=== Source data ===

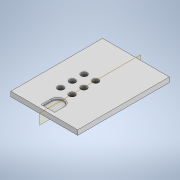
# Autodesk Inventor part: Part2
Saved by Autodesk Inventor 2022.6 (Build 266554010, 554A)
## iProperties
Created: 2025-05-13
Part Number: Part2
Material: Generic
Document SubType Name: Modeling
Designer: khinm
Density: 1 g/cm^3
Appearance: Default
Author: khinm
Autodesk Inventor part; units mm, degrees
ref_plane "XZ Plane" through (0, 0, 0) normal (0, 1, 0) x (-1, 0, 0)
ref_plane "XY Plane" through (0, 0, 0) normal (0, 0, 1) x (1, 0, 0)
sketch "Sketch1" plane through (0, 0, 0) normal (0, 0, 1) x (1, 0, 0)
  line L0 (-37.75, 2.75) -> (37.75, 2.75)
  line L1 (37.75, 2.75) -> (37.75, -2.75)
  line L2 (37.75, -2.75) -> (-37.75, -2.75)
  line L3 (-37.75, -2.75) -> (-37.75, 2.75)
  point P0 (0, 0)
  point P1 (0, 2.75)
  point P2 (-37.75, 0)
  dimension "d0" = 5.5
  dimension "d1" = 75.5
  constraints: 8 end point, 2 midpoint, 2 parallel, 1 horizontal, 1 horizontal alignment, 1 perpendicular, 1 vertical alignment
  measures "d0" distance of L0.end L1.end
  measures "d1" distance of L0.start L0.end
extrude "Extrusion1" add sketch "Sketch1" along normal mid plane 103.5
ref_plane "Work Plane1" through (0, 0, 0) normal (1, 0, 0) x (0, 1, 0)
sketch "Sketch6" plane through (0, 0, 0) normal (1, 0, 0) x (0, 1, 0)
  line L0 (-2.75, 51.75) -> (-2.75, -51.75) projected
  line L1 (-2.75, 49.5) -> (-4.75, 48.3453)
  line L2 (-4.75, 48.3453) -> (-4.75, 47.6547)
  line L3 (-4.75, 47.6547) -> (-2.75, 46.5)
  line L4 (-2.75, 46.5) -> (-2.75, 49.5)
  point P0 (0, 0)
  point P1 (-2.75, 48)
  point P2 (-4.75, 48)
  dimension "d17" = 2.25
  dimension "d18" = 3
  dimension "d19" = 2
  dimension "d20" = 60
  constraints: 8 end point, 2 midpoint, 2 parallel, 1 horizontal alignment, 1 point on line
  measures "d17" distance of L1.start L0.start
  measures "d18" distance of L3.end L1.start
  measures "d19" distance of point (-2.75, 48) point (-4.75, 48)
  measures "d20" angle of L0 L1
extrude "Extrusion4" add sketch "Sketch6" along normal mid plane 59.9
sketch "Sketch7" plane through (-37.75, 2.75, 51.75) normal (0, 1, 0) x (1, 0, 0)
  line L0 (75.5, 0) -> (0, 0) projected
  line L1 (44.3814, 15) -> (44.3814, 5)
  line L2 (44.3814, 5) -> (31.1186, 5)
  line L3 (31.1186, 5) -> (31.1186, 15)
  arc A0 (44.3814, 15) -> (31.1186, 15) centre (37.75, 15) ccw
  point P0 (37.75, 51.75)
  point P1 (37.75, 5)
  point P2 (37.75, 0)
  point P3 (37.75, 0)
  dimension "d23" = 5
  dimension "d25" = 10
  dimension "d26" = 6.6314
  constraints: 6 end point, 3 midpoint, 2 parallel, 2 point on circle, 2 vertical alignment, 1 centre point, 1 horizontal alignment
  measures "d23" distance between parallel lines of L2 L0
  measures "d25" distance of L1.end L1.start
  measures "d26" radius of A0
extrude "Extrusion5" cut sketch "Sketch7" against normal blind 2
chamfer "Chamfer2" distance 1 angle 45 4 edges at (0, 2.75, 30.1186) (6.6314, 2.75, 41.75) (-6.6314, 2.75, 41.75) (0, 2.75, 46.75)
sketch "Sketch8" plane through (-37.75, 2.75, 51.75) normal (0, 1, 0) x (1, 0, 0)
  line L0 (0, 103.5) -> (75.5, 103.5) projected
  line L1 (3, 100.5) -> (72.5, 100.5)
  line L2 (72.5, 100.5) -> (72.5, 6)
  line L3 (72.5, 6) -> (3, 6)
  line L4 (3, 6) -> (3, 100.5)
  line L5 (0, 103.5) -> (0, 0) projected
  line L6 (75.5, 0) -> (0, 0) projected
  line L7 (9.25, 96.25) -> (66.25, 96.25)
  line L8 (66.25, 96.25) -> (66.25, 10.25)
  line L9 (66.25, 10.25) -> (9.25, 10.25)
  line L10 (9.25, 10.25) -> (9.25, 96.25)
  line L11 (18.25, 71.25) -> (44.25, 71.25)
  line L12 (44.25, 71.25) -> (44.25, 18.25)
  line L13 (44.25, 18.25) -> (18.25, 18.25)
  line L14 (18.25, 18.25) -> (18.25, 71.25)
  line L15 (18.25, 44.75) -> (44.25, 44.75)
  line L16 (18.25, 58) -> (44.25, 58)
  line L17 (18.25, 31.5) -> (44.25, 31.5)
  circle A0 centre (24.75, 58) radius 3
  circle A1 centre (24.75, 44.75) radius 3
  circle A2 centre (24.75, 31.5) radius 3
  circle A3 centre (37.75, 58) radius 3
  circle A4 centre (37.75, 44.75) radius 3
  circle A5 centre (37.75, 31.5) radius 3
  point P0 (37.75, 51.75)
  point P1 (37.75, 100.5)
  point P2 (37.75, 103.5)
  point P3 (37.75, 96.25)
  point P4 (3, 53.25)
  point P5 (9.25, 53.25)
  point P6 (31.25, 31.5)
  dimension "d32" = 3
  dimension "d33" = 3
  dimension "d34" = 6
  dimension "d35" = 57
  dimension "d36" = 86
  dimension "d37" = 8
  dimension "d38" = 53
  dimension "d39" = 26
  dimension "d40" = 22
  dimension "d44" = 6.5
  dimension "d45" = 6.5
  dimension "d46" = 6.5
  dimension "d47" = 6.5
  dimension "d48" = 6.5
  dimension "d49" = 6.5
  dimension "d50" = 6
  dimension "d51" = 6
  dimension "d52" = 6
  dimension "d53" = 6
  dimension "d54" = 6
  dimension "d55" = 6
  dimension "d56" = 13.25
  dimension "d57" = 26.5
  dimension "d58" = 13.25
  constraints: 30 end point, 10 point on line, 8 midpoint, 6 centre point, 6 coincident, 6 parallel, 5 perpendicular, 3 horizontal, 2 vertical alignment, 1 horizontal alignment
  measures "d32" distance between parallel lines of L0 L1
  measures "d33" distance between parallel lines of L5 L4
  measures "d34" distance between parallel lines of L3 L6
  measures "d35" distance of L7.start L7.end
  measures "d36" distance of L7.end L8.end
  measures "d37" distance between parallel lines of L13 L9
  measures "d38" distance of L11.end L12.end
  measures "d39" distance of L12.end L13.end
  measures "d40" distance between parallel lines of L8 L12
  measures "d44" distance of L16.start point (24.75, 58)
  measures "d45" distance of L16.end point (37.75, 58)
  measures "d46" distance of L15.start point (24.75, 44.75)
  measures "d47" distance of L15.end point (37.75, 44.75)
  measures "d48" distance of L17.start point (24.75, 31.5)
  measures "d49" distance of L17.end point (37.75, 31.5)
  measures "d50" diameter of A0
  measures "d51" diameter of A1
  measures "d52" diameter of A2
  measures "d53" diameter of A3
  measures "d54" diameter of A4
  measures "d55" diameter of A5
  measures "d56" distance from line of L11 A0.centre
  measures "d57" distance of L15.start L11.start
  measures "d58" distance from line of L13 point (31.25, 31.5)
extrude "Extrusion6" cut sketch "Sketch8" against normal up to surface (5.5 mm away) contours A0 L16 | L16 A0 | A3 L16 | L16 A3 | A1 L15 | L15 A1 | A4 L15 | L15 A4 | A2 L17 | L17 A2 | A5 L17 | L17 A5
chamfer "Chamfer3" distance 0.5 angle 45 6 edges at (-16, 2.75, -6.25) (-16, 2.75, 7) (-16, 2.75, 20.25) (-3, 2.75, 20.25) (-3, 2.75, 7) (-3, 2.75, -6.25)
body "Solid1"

===

- **Exercise brief**
The lines running from the beginning of the listing above through the line that holds "0) x (-1, 0, 0)" are to be duplicated exactly, both ends kept, pictures omitted.

- **Solution**
# Autodesk Inventor part: Part2
Saved by Autodesk Inventor 2022.6 (Build 266554010, 554A)
## iProperties
Created: 2025-05-13
Part Number: Part2
Material: Generic
Document SubType Name: Modeling
Designer: khinm
Density: 1 g/cm^3
Appearance: Default
Author: khinm
Autodesk Inventor part; units mm, degrees
ref_plane "XZ Plane" through (0, 0, 0) normal (0, 1, 0) x (-1, 0, 0)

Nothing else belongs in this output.